Copy every line that holds the string "PLANE" from the data below.

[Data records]

+ + + + + + +

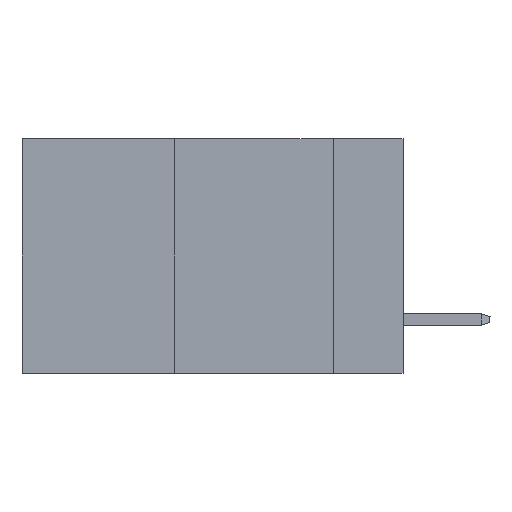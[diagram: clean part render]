
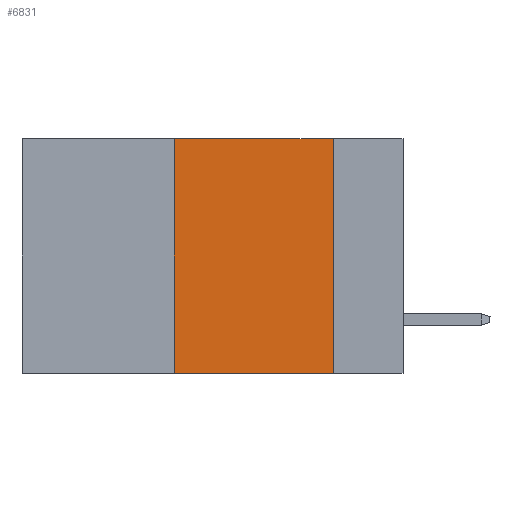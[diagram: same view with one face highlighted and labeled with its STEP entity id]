
A CAD part, left-side view. The second image highlights one B-rep face of the part: STEP entity #6831.
In plain terms, the highlighted planar face has unit normal (-1, 0, 0).
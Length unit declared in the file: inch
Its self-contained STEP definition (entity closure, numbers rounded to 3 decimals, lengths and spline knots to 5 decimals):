
#551 = LINE ( 'NONE', #2261, #12378 ) ;
#608 = CARTESIAN_POINT ( 'NONE',  ( 0., 0.11, 0. ) ) ;
#1107 = ORIENTED_EDGE ( 'NONE', *, *, #2838, .F. ) ;
#1554 = DIRECTION ( 'NONE',  ( 0., -1., 0. ) ) ;
#1627 = CARTESIAN_POINT ( 'NONE',  ( 0., 0.6, 0. ) ) ;
#1825 = ORIENTED_EDGE ( 'NONE', *, *, #11745, .F. ) ;
#2261 = CARTESIAN_POINT ( 'NONE',  ( 0., 0.6, -0.37 ) ) ;
#2582 = VERTEX_POINT ( 'NONE', #3823 ) ;
#2718 = DIRECTION ( 'NONE',  ( 0., 0., -1. ) ) ;
#2838 = EDGE_CURVE ( 'NONE', #2582, #5793, #9172, .T. ) ;
#2991 = ORIENTED_EDGE ( 'NONE', *, *, #10001, .T. ) ;
#3294 = DIRECTION ( 'NONE',  ( 0., 0., -1. ) ) ;
#3823 = CARTESIAN_POINT ( 'NONE',  ( 0., 0.36, -0.37 ) ) ;
#4644 = FACE_OUTER_BOUND ( 'NONE', #11299, .T. ) ;
#5010 = VECTOR ( 'NONE', #1554, 39.37008 ) ;
#5546 = CARTESIAN_POINT ( 'NONE',  ( 0., 0.11, -0.37 ) ) ;
#5725 = PLANE ( 'NONE',  #6441 ) ;
#5793 = VERTEX_POINT ( 'NONE', #9216 ) ;
#6227 = LINE ( 'NONE', #7122, #5010 ) ;
#6441 = AXIS2_PLACEMENT_3D ( 'NONE', #1627, #6689, #2718 ) ;
#6689 = DIRECTION ( 'NONE',  ( 1., 0., 0. ) ) ;
#6831 = ADVANCED_FACE ( 'NONE', ( #4644 ), #5725, .F. ) ;
#7122 = CARTESIAN_POINT ( 'NONE',  ( 0., 0.6, 0. ) ) ;
#7260 = CARTESIAN_POINT ( 'NONE',  ( 0., 0.36, 0. ) ) ;
#8349 = DIRECTION ( 'NONE',  ( 0., -1., 0. ) ) ;
#9115 = DIRECTION ( 'NONE',  ( 0., 0., 1. ) ) ;
#9172 = LINE ( 'NONE', #7260, #11480 ) ;
#9216 = CARTESIAN_POINT ( 'NONE',  ( 0., 0.36, 0. ) ) ;
#9561 = EDGE_CURVE ( 'NONE', #9929, #11477, #10313, .T. ) ;
#9929 = VERTEX_POINT ( 'NONE', #10890 ) ;
#10001 = EDGE_CURVE ( 'NONE', #2582, #11477, #551, .T. ) ;
#10047 = ORIENTED_EDGE ( 'NONE', *, *, #9561, .F. ) ;
#10152 = VECTOR ( 'NONE', #3294, 39.37008 ) ;
#10313 = LINE ( 'NONE', #608, #10152 ) ;
#10890 = CARTESIAN_POINT ( 'NONE',  ( 0., 0.11, 0. ) ) ;
#11299 = EDGE_LOOP ( 'NONE', ( #10047, #1825, #1107, #2991 ) ) ;
#11477 = VERTEX_POINT ( 'NONE', #5546 ) ;
#11480 = VECTOR ( 'NONE', #9115, 39.37008 ) ;
#11745 = EDGE_CURVE ( 'NONE', #5793, #9929, #6227, .T. ) ;
#12378 = VECTOR ( 'NONE', #8349, 39.37008 ) ;
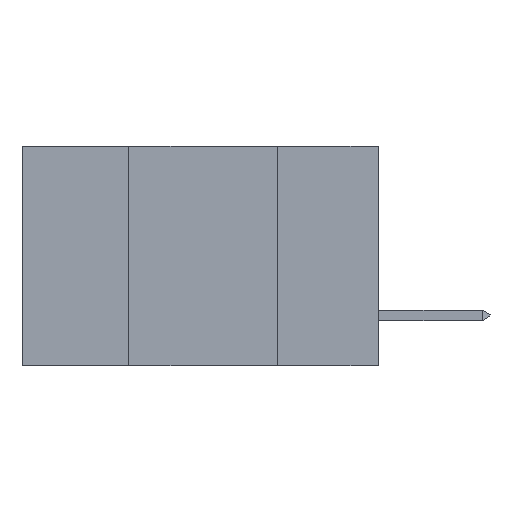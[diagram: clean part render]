
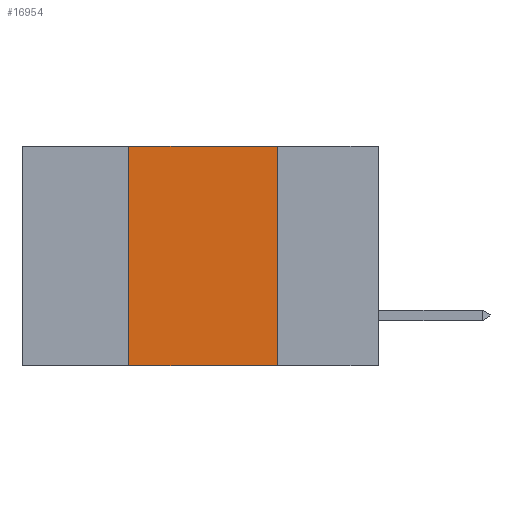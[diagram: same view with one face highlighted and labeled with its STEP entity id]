
A CAD part, left-side view. The second image highlights one B-rep face of the part: STEP entity #16954.
In plain terms, the highlighted planar face has unit normal (-1, 0, 0).
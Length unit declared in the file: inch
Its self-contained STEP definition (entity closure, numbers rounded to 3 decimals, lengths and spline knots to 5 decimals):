
#841 = VECTOR ( 'NONE', #24225, 39.37008 ) ;
#1055 = EDGE_CURVE ( 'NONE', #24504, #2156, #2155, .T. ) ;
#1481 = CARTESIAN_POINT ( 'NONE',  ( 0., 0.17, -0.37 ) ) ;
#1578 = DIRECTION ( 'NONE',  ( 0., 0., -1. ) ) ;
#2155 = LINE ( 'NONE', #4719, #5702 ) ;
#2156 = VERTEX_POINT ( 'NONE', #5610 ) ;
#3399 = CARTESIAN_POINT ( 'NONE',  ( 0., 0.6, 0. ) ) ;
#3436 = AXIS2_PLACEMENT_3D ( 'NONE', #11246, #19898, #21806 ) ;
#3799 = LINE ( 'NONE', #19935, #841 ) ;
#4719 = CARTESIAN_POINT ( 'NONE',  ( 0., 0.42, 0. ) ) ;
#4951 = LINE ( 'NONE', #3399, #20374 ) ;
#5610 = CARTESIAN_POINT ( 'NONE',  ( 0., 0.42, 0. ) ) ;
#5702 = VECTOR ( 'NONE', #13402, 39.37008 ) ;
#6478 = EDGE_CURVE ( 'NONE', #24504, #23554, #3799, .T. ) ;
#6797 = ORIENTED_EDGE ( 'NONE', *, *, #19825, .F. ) ;
#8534 = VERTEX_POINT ( 'NONE', #9289 ) ;
#8607 = EDGE_LOOP ( 'NONE', ( #6797, #25937, #26429, #21958 ) ) ;
#9289 = CARTESIAN_POINT ( 'NONE',  ( 0., 0.17, 0. ) ) ;
#9716 = DIRECTION ( 'NONE',  ( 0., -1., 0. ) ) ;
#10165 = CARTESIAN_POINT ( 'NONE',  ( 0., 0.17, 0. ) ) ;
#11246 = CARTESIAN_POINT ( 'NONE',  ( 0., 0.6, 0. ) ) ;
#11407 = EDGE_CURVE ( 'NONE', #2156, #8534, #4951, .T. ) ;
#13402 = DIRECTION ( 'NONE',  ( 0., 0., 1. ) ) ;
#16954 = ADVANCED_FACE ( 'NONE', ( #23901 ), #19474, .F. ) ;
#17544 = CARTESIAN_POINT ( 'NONE',  ( 0., 0.42, -0.37 ) ) ;
#19474 = PLANE ( 'NONE',  #3436 ) ;
#19825 = EDGE_CURVE ( 'NONE', #8534, #23554, #21285, .T. ) ;
#19898 = DIRECTION ( 'NONE',  ( 1., 0., 0. ) ) ;
#19935 = CARTESIAN_POINT ( 'NONE',  ( 0., 0.6, -0.37 ) ) ;
#20374 = VECTOR ( 'NONE', #9716, 39.37008 ) ;
#21285 = LINE ( 'NONE', #10165, #22211 ) ;
#21806 = DIRECTION ( 'NONE',  ( 0., 0., -1. ) ) ;
#21958 = ORIENTED_EDGE ( 'NONE', *, *, #6478, .T. ) ;
#22211 = VECTOR ( 'NONE', #1578, 39.37008 ) ;
#23554 = VERTEX_POINT ( 'NONE', #1481 ) ;
#23901 = FACE_OUTER_BOUND ( 'NONE', #8607, .T. ) ;
#24225 = DIRECTION ( 'NONE',  ( 0., -1., 0. ) ) ;
#24504 = VERTEX_POINT ( 'NONE', #17544 ) ;
#25937 = ORIENTED_EDGE ( 'NONE', *, *, #11407, .F. ) ;
#26429 = ORIENTED_EDGE ( 'NONE', *, *, #1055, .F. ) ;

+ + + + + + +

▶ [WRITTEN RESPONSE]:
#5725 = PLANE ( 'NONE',  #6441 ) ;
#19474 = PLANE ( 'NONE',  #3436 ) ;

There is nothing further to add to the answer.